Interestingly, FMD patients did not significantly differ from the geriatric non-FMD patients at admission regarding age, physical function and mobility (SPPB) and iADL (Barthel index, Fig. 1). As consistently reported [29], the majority of our geriatric FMD participants were females. It must be considered that FMD diagnosis is more challenging in geriatric than in non-geriatric patients, given the comorbidities, including additional neurodegenerative movement disorders, as in half of our cohort. This finding underscores the relevance of the criterion “reliable diagnosis can only be made by a neurologist with expertise in movement disorders” [6]. Geriatricians and neurologists are encouraged to work closely together to design and implement an efficient diagnostic approach. Fortunately, the new diagnostic criteria for FMD [6, 30] enable a positive diagnosis and should replace a diagnosis based on exclusion of organic diseases that is, at least in our experience, often not helpful and does not assist the treatment goals and strategy.
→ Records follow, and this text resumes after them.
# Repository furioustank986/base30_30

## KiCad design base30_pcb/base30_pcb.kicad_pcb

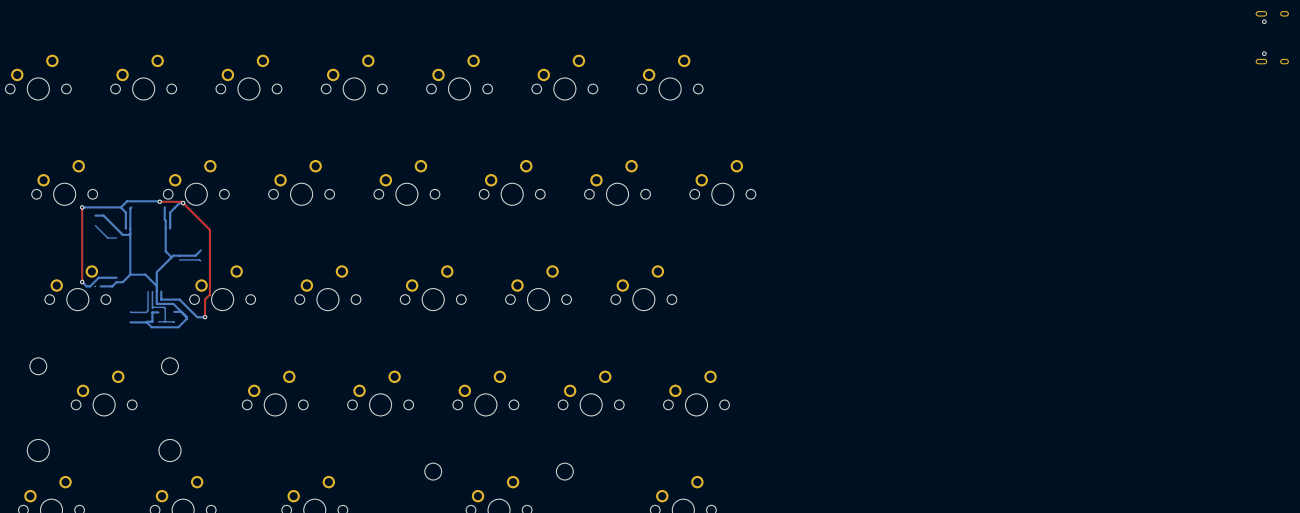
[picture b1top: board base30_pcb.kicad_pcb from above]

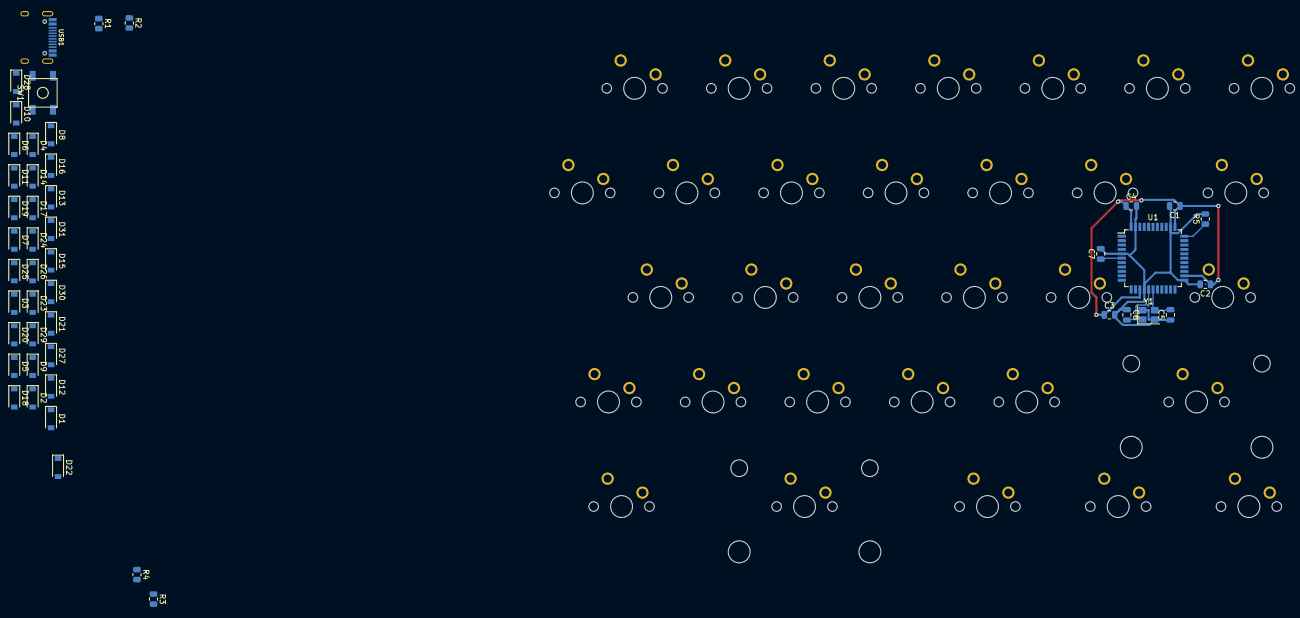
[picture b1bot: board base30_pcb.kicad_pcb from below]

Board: 2 copper layers, 78 parts (47 on the bottom side), 56 nets.

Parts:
C1, C2, C3: 0.1uF; C_0805_2012Metric
C4: 10uF; C_0805_2012Metric
C5, C6: 22pF; C_0805_2012Metric
C7: C_Small; C_0805_2012Metric
D1, D2, D3, D4, D5, D6, D7, D8, D9, D10, D11, D12, D13, D14, D15, D16, D17, D18, D19, D20, D21, D22, D23, D24, D25, D26, D27, D28, D29, D30, D31: D_Small; D_SOD-123
MX1, MX5, MX8, MX9, MX10, MX11, MX12, MX13, MX14, MX15, MX17, MX18, MX19, MX20, MX22, MX23, MX24, MX25, MX26, MX27, MX28, MX29, MX31: MX-NoLED; MXOnly-1U-NoLED
MX2: MX-NoLED; MXOnly-1.5U-NoLED
MX3: MX-NoLED; MXOnly-1.75U-NoLED
MX4, MX7, MX16, MX30: MX-NoLED; MXOnly-1.25U-NoLED
MX6, MX21: MX-NoLED; MXOnly-2.25U-NoLED
R1, R2: 5k; R_0805_2012Metric
R3, R4: 22; R_0805_2012Metric
R5: 10k; R_0805_2012Metric
SW1: SW_Push; SKQG-1155865
U1: ATmega32U4-A; TQFP-44_10x10mm_P0.8mm
USB1: HRO-TYPE-C-31-M-12; HRO-TYPE-C-31-M-12-Assembly
Y1: Crystal_GND24_Small; Crystal_SMD_3225-4Pin_3.2x2.5mm

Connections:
+5V: C1.1, C2.1, C3.1, C4.1, U1.2 (UVCC), U1.7 (VBUS), U1.14 (VCC), U1.24 (AVCC), U1.34 (VCC), U1.44 (AVCC), USB1.2 (VBUS), USB1.11 (VBUS)
/D+: R3.1, USB1.6 (DP1), USB1.8 (DP2)
/D-: R4.1, USB1.5 (DN2), USB1.7 (DN1)
/c0: MX1.1 (COL), MX2.1 (COL), MX3.1 (COL), MX4.1 (COL)
/c1: MX5.1 (COL), MX6.1 (COL), MX7.1 (COL)
/c2: MX8.1 (COL), MX9.1 (COL), MX10.1 (COL), MX11.1 (COL)
/c3: MX12.1 (COL), MX13.1 (COL), MX14.1 (COL), MX15.1 (COL), MX16.1 (COL)
/c4: MX17.1 (COL), MX18.1 (COL), MX19.1 (COL), MX20.1 (COL), MX21.1 (COL)
/c5: MX22.1 (COL), MX23.1 (COL), MX24.1 (COL), MX25.1 (COL)
/c6: MX26.1 (COL), MX27.1 (COL), MX28.1 (COL), MX29.1 (COL), MX30.1 (COL)
/r0: D1.1 (K), D5.1 (K), D8.1 (K), D12.1 (K), D17.1 (K), D22.1 (K), D26.1 (K)
/r1: D2.1 (K), D9.1 (K), D13.1 (K), D18.1 (K), D23.1 (K), D27.1 (K), D31.1 (K)
/r2: D3.1 (K), D10.1 (K), D14.1 (K), D19.1 (K), D24.1 (K), D28.1 (K)
/r3: D6.1 (K), D11.1 (K), D15.1 (K), D20.1 (K), D25.1 (K), D29.1 (K)
/r4: D4.1 (K), D7.1 (K), D16.1 (K), D21.1 (K), D30.1 (K)
GND: C1.2, C2.2, C3.2, C4.2, C5.1, C6.1, C7.2, R1.2, R2.2, R5.2, SW1.1, U1.5 (UGND), U1.15 (GND), U1.23 (GND), U1.35 (GND), U1.43 (GND), USB1.1 (GND), USB1.12 (GND), USB1.13 (SHIELD), Y1.2, Y1.4
unnamed: C5.2, U1.17 (XTAL1), Y1.3
unnamed: C6.2, U1.16 (XTAL2), Y1.1
unnamed: C7.1, U1.6 (UCAP)
unnamed: D1.2 (A), MX1.2 (ROW)
unnamed: D2.2 (A), MX2.2 (ROW)
unnamed: D3.2 (A), MX3.2 (ROW)
unnamed: D4.2 (A), MX4.2 (ROW)
unnamed: D5.2 (A), MX5.2 (ROW)
unnamed: D6.2 (A), MX6.2 (ROW)
unnamed: D7.2 (A), MX7.2 (ROW)
unnamed: D8.2 (A), MX8.2 (ROW)
unnamed: D9.2 (A), MX9.2 (ROW)
unnamed: D10.2 (A), MX10.2 (ROW)
unnamed: D11.2 (A), MX11.2 (ROW)
unnamed: D12.2 (A), MX12.2 (ROW)
unnamed: D13.2 (A), MX13.2 (ROW)
unnamed: D14.2 (A), MX14.2 (ROW)
unnamed: D15.2 (A), MX15.2 (ROW)
unnamed: D16.2 (A), MX16.2 (ROW)
unnamed: D17.2 (A), MX17.2 (ROW)
unnamed: D18.2 (A), MX18.2 (ROW)
unnamed: D19.2 (A), MX19.2 (ROW)
unnamed: D20.2 (A), MX20.2 (ROW)
unnamed: D21.2 (A), MX21.2 (ROW)
unnamed: D22.2 (A), MX22.2 (ROW)
unnamed: D23.2 (A), MX23.2 (ROW)
unnamed: D24.2 (A), MX24.2 (ROW)
unnamed: D25.2 (A), MX25.2 (ROW)
unnamed: D26.2 (A), MX26.2 (ROW)
unnamed: D27.2 (A), MX27.2 (ROW)
unnamed: D28.2 (A), MX28.2 (ROW)
unnamed: D29.2 (A), MX29.2 (ROW)
unnamed: D30.2 (A), MX30.2 (ROW)
unnamed: D31.2 (A), MX31.2 (ROW)
unnamed: R1.1, USB1.4 (CC1)
unnamed: R2.1, USB1.10 (CC2)
unnamed: R3.2, U1.4 (D+)
unnamed: R4.2, U1.3 (D-)
unnamed: R5.1, U1.33 (~HWB/PE2)
unnamed: SW1.2, U1.13 (~RESET)

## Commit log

2022-12-24 added layout json/jpg, matrix json, and qmk code
2022-12-25 added case files. TODO: Make cover, usb holes, magnet.
2022-12-27 added pcb files
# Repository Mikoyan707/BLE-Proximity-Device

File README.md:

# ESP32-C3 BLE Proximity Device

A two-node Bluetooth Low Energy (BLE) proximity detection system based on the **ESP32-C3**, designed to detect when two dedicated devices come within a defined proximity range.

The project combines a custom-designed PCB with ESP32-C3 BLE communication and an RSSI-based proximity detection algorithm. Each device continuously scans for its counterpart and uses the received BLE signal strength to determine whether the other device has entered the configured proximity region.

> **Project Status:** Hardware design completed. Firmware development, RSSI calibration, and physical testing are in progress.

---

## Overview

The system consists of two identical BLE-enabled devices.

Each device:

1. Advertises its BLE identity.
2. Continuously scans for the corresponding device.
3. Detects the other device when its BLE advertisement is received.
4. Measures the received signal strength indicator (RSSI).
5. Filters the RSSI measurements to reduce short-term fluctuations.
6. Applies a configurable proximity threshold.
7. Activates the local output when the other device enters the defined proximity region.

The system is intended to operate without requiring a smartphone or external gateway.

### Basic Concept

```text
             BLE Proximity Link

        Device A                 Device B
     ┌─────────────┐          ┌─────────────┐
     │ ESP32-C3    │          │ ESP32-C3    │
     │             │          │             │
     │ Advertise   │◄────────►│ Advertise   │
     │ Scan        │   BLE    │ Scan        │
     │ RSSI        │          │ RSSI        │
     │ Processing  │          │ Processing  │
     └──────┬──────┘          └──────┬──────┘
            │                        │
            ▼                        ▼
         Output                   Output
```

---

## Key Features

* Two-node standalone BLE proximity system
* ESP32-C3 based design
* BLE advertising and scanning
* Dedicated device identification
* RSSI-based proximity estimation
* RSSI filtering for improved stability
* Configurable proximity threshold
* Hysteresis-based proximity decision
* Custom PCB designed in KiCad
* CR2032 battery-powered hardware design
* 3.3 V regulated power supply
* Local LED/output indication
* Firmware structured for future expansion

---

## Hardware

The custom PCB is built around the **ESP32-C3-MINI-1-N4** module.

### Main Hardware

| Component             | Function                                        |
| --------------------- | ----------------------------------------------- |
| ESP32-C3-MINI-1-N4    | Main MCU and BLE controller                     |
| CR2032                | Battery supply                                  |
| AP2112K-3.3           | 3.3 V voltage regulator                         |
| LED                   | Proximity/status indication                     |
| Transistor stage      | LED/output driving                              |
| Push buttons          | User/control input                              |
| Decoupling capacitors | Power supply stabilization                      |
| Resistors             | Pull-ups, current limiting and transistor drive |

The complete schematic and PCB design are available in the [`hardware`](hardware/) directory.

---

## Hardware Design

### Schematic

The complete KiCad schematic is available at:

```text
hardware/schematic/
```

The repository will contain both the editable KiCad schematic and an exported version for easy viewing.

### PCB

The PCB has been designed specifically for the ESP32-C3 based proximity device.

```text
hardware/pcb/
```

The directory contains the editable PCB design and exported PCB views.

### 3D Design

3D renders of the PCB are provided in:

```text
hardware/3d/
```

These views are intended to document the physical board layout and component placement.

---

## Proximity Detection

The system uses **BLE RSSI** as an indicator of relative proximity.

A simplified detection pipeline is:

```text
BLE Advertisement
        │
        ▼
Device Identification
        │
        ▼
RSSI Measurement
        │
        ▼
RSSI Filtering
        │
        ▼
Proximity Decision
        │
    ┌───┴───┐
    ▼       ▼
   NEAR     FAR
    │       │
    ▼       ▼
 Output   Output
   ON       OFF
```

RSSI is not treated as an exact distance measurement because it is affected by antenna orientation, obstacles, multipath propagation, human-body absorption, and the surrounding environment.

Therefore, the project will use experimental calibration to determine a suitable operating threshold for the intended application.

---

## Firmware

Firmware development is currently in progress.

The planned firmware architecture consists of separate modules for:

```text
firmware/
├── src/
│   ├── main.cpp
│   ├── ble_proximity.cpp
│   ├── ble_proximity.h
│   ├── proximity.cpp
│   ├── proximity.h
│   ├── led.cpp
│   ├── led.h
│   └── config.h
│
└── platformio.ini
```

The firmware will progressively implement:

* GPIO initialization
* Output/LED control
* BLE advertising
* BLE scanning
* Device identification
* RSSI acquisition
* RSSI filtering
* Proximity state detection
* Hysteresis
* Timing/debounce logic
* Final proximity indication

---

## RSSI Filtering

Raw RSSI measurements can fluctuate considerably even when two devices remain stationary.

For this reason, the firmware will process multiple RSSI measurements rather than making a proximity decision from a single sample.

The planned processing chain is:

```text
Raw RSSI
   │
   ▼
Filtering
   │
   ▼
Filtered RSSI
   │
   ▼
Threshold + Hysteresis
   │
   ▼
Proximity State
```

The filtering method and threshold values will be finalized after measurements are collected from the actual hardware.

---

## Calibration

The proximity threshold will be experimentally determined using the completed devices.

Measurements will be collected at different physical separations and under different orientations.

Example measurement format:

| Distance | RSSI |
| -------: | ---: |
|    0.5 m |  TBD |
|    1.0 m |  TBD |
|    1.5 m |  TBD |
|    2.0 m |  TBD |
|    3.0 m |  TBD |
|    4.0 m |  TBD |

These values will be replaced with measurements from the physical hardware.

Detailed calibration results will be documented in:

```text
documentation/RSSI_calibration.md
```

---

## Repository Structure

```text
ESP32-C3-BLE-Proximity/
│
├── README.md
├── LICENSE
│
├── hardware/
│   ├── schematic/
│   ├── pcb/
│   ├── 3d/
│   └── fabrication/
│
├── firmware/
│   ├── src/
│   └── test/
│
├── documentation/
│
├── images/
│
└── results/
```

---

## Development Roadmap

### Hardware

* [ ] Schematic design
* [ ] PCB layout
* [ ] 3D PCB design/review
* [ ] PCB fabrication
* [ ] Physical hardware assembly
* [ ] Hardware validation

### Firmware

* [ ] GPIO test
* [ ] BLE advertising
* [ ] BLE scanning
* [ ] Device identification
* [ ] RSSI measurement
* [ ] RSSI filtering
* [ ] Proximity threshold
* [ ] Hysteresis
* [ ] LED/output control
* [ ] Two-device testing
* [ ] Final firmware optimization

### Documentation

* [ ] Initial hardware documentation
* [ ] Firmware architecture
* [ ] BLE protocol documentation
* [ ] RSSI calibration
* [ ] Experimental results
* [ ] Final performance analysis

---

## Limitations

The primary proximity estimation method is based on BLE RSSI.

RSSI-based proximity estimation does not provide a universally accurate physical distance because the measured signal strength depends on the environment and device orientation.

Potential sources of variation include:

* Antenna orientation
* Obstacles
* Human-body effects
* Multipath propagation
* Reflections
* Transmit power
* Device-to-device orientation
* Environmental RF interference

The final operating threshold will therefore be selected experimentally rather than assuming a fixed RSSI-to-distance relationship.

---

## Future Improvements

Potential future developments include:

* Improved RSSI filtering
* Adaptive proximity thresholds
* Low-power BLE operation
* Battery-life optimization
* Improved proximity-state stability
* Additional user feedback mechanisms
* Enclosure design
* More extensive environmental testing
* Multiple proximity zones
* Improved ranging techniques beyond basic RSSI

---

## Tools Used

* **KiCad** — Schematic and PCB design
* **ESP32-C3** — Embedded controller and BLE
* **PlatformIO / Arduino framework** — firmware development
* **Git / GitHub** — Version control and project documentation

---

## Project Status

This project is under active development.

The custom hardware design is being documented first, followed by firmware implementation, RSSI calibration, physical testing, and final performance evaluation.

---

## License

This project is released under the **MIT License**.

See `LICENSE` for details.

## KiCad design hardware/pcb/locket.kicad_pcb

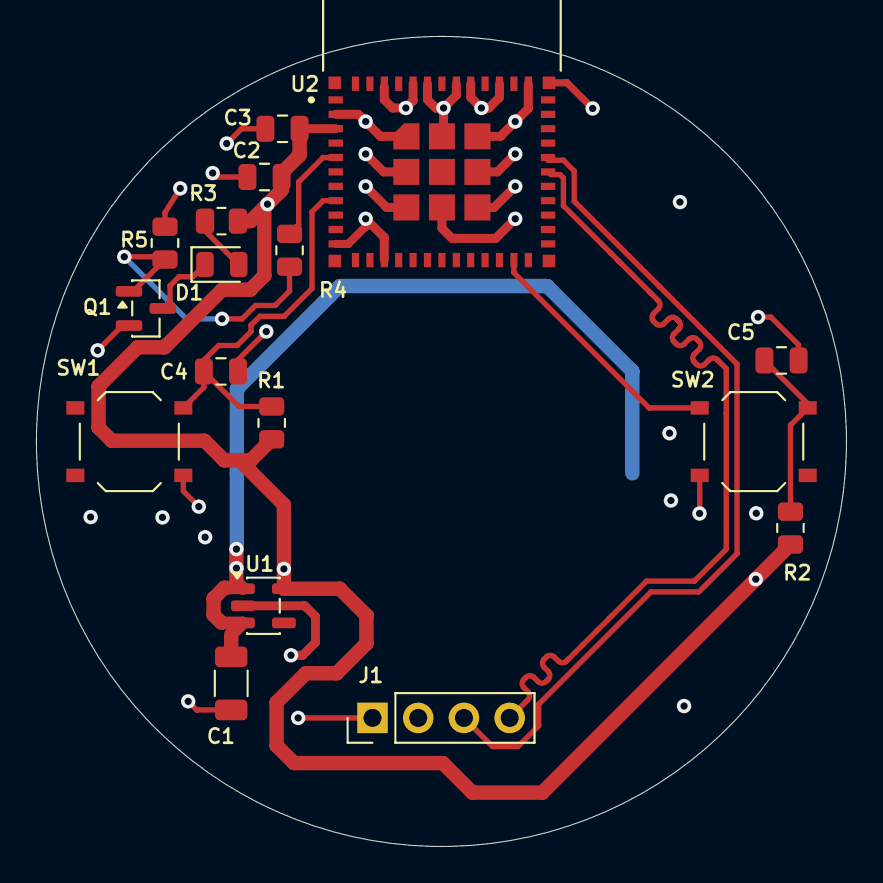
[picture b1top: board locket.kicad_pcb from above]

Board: 2 copper layers, 45.0 x 45.0 mm, 18 parts (1 on the bottom side), 11 nets.

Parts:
BT1: LIR2032; BatteryHolder_Keystone_3034_1x20mm
C1: 47uF; C_1206_3216Metric
C2: 10uF; C_0805_2012Metric
C3: 0.1uF; C_0805_2012Metric
C4, C5: 1uF; C_0805_2012Metric
D1: LED; LED_0805_2012Metric
J1: PinHeader_1x04_P2.54mm_Vertical
Q1: SOT-23
R1, R2, R4, R5: 10kohm; R_0805_2012Metric
R3: 330ohm; R_0805_2012Metric
SW1, SW2: SW_Push; SW_Push_1P1T_XKB_TS-1187A
U1: AP2112K-3.3; SOT-23-5
U2: ESP32-C3-MINI-1-N4; XCVR_ESP32-C3-MINI-1-N4

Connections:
+3.3V: C2.1, C3.1, R1.1, R2.1, R3.1, U1.5 (VOUT), U2.3 (3V3)
GND: BT1.2 (-), C1.2, C2.2, C3.2, C4.2, C5.2, J1.1, Q1.2 (S), R5.2, SW1.2, SW2.2, U1.2 (GND), U2.1 (GND), U2.2 (GND), U2.11 (GND), U2.14 (GND), U2.36 (GND), U2.37 (GND), U2.38 (GND), U2.39 (GND), U2.40 (GND), U2.41 (GND), U2.42 (GND), U2.43 (GND), U2.44 (GND), U2.45 (GND), U2.46 (GND), U2.47 (GND), U2.48 (GND), U2.49_1 (GND), U2.49_2 (GND), U2.49_3 (GND), U2.49_4 (GND), U2.49_5 (GND), U2.49_6 (GND), U2.49_7 (GND), U2.49_8 (GND), U2.49_9 (GND), U2.50 (GND), U2.51 (GND), U2.52 (GND), U2.53 (GND)
unnamed: BT1.1 (+), C1.1, U1.1 (VIN), U1.3 (EN)
unnamed: D1.2 (A), R3.2
unnamed: D1.1 (K), Q1.3 (D)
unnamed: J1.3, U2.31 (TXD0)
unnamed: J1.4, U2.30 (RXD0)
unnamed: Q1.1 (G), R4.1, R5.1
unnamed: C4.1, R1.2, SW1.1, U2.8 (EN)
unnamed: R4.2, U2.5 (IO2)
unnamed: C5.1, R2.2, SW2.1, U2.23 (IO9)

The analyses show that FMD patients benefited from the geriatric multidisciplinary team approach provided at the neurogeriatric ward comparatively well to non-FMD patients, suggesting that this approach is an effective treatment option using published recommendations [14, 19]. In more detail, changes of the Barthel index and the SPPB values were similar in both groups. In this cohort this held true for patients 1) with and without additional movement disorders, 2) with and without primary FMD diagnosis at discharge and 3) with and without being informed about the FMD diagnosis. The last aspect is surprising as according to current recommendations, providing information about FMD to the patient is a central part of effective treatment. It can only be speculated that in geriatric, multimorbid patients, a specific and goal-oriented multidisciplinary geriatric team treatment approach can still lead to a relevant improvement in the outcome parameters due to, e.g., significant improvement of symptoms in the non-FMD diagnoses. Another reason could be that the outcome parameters used in this study were nonspecific and/or that the FMD subgroups were too small to reach significance; still, we feel that our pilot results are promising for a disorder that is short on evidence-based treatments to date [1, 10,11,12,13] and is associated with a poor prognosis in a high proportion of those affected [3, 15]. Based on the observations coming from this pilot study, future studies could use a (more) standardized assessment and treatment regimen and collect data over longer time periods. These studies may also include outcome parameters beyond the Barthel index and SPPB, such as health-related quality of life and (real life) activity and mobility parameters, to allow the generalizability of treatment effects.

In conclusion, diagnosis of FMD was common in the neurogeriatric ward at this university neurology department and should be considered in geriatric patients presenting with movement disorders with or without associated neurodegenerative disorders. Preliminary analyses suggest that the geriatric multidisciplinary team approach with consequent implementation of published recommendations is an effective treatment option. Further studies are necessary to improve the understanding of the epidemiology and diagnostic aspects of FMD in geriatric patients, and to develop standardized and validated forms of treatment.